It’s funny how a couple of weeks ago I was telling Stefan that I wouldn’t know what my reaction to a surprise would be because as far as I know, I’ve never been surprised. I mean surprised in a good way.
As soon as that conversation happened, I was surprised for the first time and nearly fell down the stairs when Stefan showed up at my door (he was supposed to be in Nice) and gave me this really cute unicorn (he’s called Wishful). Even though my year started off with me catching a virus and spending the majority of my holidays in bed, I was hopeful that 2016 will be a good year.
I spent my birthday having lunch with my mum and buying donuts for my Donut Tower (I wasn’t feeling cake this year). And enjoying the rest of the evening around my family eating baghali polo which is one of my favourite dishes.
I’m not someone who takes their birthday as a big deal. I usually go out for a meal with a friend(s) and that would be it. I don’t expect gifts because I prefer it when someone sees something that reminds them of me and buys it for me rather than forced to buy something due to an occasion. Same reason as to why I don’t buy birthday and Christmas presents.
As a kid I would always have a party on my birthday. The most special one was my 5th birthday which was the last time I ever got to celebrate my birthday in Iran as we left for the UK the next day. As I grew up, the parties became smaller, there were less invitations and fewer presents. I didn’t mind. I just ajusted to the situation. After all, birthdays and parties are expensive and no-one around me sh*ts money so I had no expectations.

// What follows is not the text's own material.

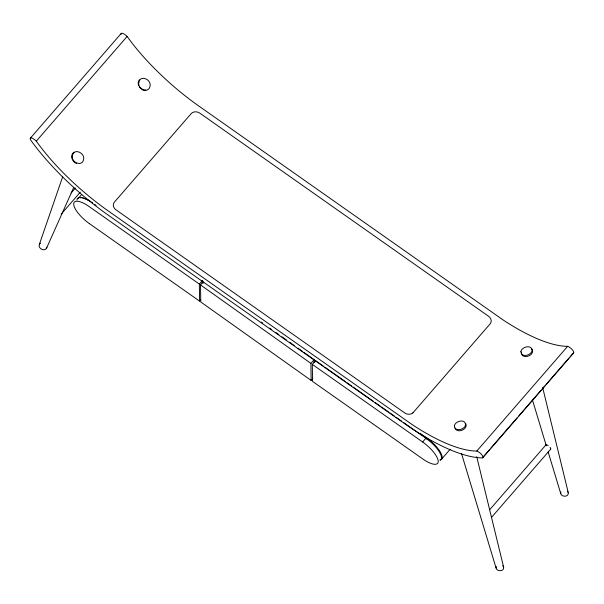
<?xml version="1.0" encoding="UTF-8"?>
<svg xmlns="http://www.w3.org/2000/svg" width="604" height="604" viewBox="0 0 604 604"><rect width="100%" height="100%" fill="white"/><g stroke="black" fill="none" stroke-linecap="round" stroke-linejoin="round"><path stroke-width="0.91" d="M521.524 353.801L521.539 352.698M62.718 176.662L39.336 244.454C37.788 248.448 44.545 252.079 46.606 248.063L73.764 187.361M46.606 248.063L46.818 247.202M496.239 566.431C494.517 571.437 504.34 572.501 503.645 567.216L476.692 456.601M560.874 491.928C559.153 496.933 568.968 497.998 568.281 492.713L542.664 387.579M39.336 244.454L40.468 243.155M139.313 79.841L138.165 82.461L138.527 85.609M30.343 138.195L121.177 33.484M489.784 449.346L482.369 457.892A124.885 42.204 40.9 0 1 406.379 424.869L107.391 214.548A124.885 42.204 40.9 0 1 30.827 140.279A5.028 1.699 40.9 0 1 31.355 137.961A5.028 1.699 40.9 0 1 36.293 141.155L127.127 36.444A115.236 38.943 40.9 0 0 198.195 105.602L502.966 319.848A115.236 38.943 40.9 0 0 567.662 346.318A5.028 1.699 40.9 0 1 572.6 350.071A5.028 1.699 40.9 0 1 573.204 353.181L570.116 356.745M71.106 193.001L75.432 188.01M61.147 214.216L80.294 192.148M78.014 198.716L81.714 194.45M89.279 223.525L199.592 301.124L199.358 284.091L202.619 280.332L202.657 283.019M199.592 301.124L200.679 299.871M312.313 364.386L422.634 441.985A19.645 6.636 40.9 0 1 438.217 461.373A19.645 6.636 40.9 0 1 422.868 459.017L312.555 381.418L312.313 364.386L315.582 360.626L323.246 366.016M412.826 412.985L490.486 323.457C492.169 321.049 490.795 317.712 488.508 316.224L199.856 113.182C197.349 111.385 193.393 111.159 191.204 113.582L114.345 202.189C112.238 204.552 113.544 208.282 116.006 209.837L404.688 412.902C407.187 414.706 411.15 414.925 413.325 412.487M422.634 441.985L425.896 438.21L403.729 422.626M441.524 459.214L450.161 449.255M36.293 141.155A115.236 38.943 40.9 0 0 107.353 210.313L412.132 424.559A115.236 38.943 40.9 0 0 476.82 451.029L567.662 346.318M491.014 447.919L516.971 418.006M518.828 415.869L541.071 390.222M542.309 388.795L544.778 385.948M546.016 384.522L568.877 358.164M482.785 457.689L573.626 352.978M489.618 509.814L545.835 445.02M491.399 517.507L550.697 449.149M312.759 378.587L311.136 380.437L200.754 301.962L200.513 284.914L203.223 281.819M311.136 380.437L310.894 363.389L314.148 359.682L304.182 352.6M73.907 152.246C69.626 155.175 72.118 162.083 76.549 163.465M145.934 90.366L143.012 90.17L139.26 87.112M91.763 202.37L92.238 202.695M94.556 204.326L96.096 205.413M420.12 433.325L427.534 438.557A19.645 6.636 40.9 0 1 439.954 460.074M324.778 367.096L345.473 381.652M347.006 382.732L351.603 385.964M353.136 387.043L373.068 401.064M375.371 402.679L379.969 405.911M381.502 406.99L388.395 411.845M389.935 412.925L394.533 416.156M396.065 417.236L401.426 421.011M201.819 282.023L203.367 283.11M313.642 360.671L315.228 361.796M199.358 284.091L89.037 206.5A19.645 6.636 40.9 0 0 73.696 204.137A19.645 6.636 40.9 0 0 89.279 223.533M261.26 322.075L262.793 323.17M269.694 328.07L271.226 329.165M275.824 332.434L278.889 334.608M281.955 336.79L286.553 340.06M289.618 342.242L294.216 345.511M298.051 348.236L302.649 351.505M200.513 284.914L310.894 363.389M531.663 348.727C535.884 353.823 525.306 359.561 521.886 354.797M567.428 491.203L568.281 492.713M502.792 565.706L503.645 567.216M465.88 423.781C468.123 429.452 457.115 433.876 455.023 428.04M532.388 399.705L546.273 445.729M548.183 452.041L560.716 493.551M461.486 453.461L496.08 568.054M427.058 438.21L427.081 439.727M314.148 359.682L314.186 362.37M545.752 445.314A3.194 1.08 40.9 0 1 546.99 445.005M547.594 445.291A3.194 1.08 40.9 0 1 548.243 445.699M550.025 447.353A3.194 1.08 40.9 0 1 550.78 448.855M425.896 438.21A19.645 6.636 40.9 0 1 440.203 460.127M76.965 200.105A19.645 6.636 40.9 0 1 90.328 201.411M91.31 202.053A19.645 6.636 40.9 0 1 92.306 202.733M78.324 198.422A19.645 6.636 40.9 0 1 78.686 198.172M80.121 197.772A19.645 6.636 40.9 0 1 81.344 197.787M82.756 198.029A19.645 6.636 40.9 0 1 90.781 201.728M121.102 34.398A5.028 1.699 40.9 0 1 122.786 33.401A5.028 1.699 40.9 0 1 127.127 36.444M476.82 451.029A5.028 1.699 40.9 0 1 481.766 454.782A5.028 1.699 40.9 0 1 482.369 457.892M72.344 155.598C70.743 162.189 82.129 167.376 83.601 159.471C85.194 152.88 73.809 147.693 72.344 155.598M138.807 82.303C137.206 88.894 148.592 94.073 150.064 86.176C151.657 79.585 140.279 74.398 138.807 82.303M454.382 425.865C454.48 432.185 464.786 429.852 465.578 424.816C465.48 418.489 455.182 420.829 454.382 425.865M520.89 351.626C520.988 357.953 531.286 355.62 532.079 350.584C531.981 344.257 521.682 346.59 520.89 351.626"/></g></svg>

I think it was when I turned 16 that I realised why I don’t like celebrating my birthday. All the previous points aside, I hate growing up. Birthdays mean an extra year added to your life and others, therefore an extra year closer to death. I know this is a very depressing way of thinking but I genuinely fear getting old.
This year however, I enjoyed turning 22 thanks to all the people around me. I have a small circle of people I consider my friends and some of them really made me feel really blessed.
Mastahn organised a night out for my birthday, which I thought was going to be a dinner date and then heading to a salsa bar with a couple of my other friends. She arrived late in her ‘Ferrari’ which had already made the hungry Lola very hAngry. I even sat in her car looking completely pissed off and telling her to just take me to a McDonalds drive thru instead. But she insisted we’ll have time and drove us to the restaurant anyway (ignoring all the speed bumps along the way).
When we got there I was surprised by a group of friends who I was expecting to join us and if my make up wasn’t freshly done, I would’ve cried. Her mum also made me a huge cake which was a beautiful surprise. Aria came all the way from Coventry which was so sweet of him. And thanks to all of them, I had a lovely night surrounded by good people that I’m grateful for.
The third surprise was probably one I would have never thought of. I received a package a couple of days before my actual birthday but I left it on my desk for later. I forgot about it till I saw it again a few days after my birthday. I thought it was one of the items I had ordered of Amazon. I opened it up to find a Lokai bracelet. I was confused as f*ck. I kept thinking “I didn’t order this, did I? Is this what memory loss feels like?” I wore it anyway and was about to throw the packaging away when I noticed the receipt inside. “Oh I should shred this since it probably has my address on it. Still don’t remember ordering this.” As I was taking it out, I noticed Nooshin’s email at the top of the page. “Omg someone is using her account to order stuff. I should tell her. Wait, how would the hacker know my address?” Further down there was a Happy Birthday note from Noosh which answered all of my questions haha! She had sent me the bracelet as a birthday present! It sucks when two of your best friends live in Canada and you can’t be there for each other’s birthdays but they’re always with me in my heart. The bracelet itself has such a lovely meaning but it’s now also a symbol that Noosh is with me wherever I go. So my 2015 ended with a surprise and my 2016 began with many. A gut feeling tells me this will be a year of surprises. If it’s good surprises, I’ll cherish them and if it’s bad then I’ll learn from them.
Thank you to my family and all my beautiful friends. I am grateful for each and every one of you.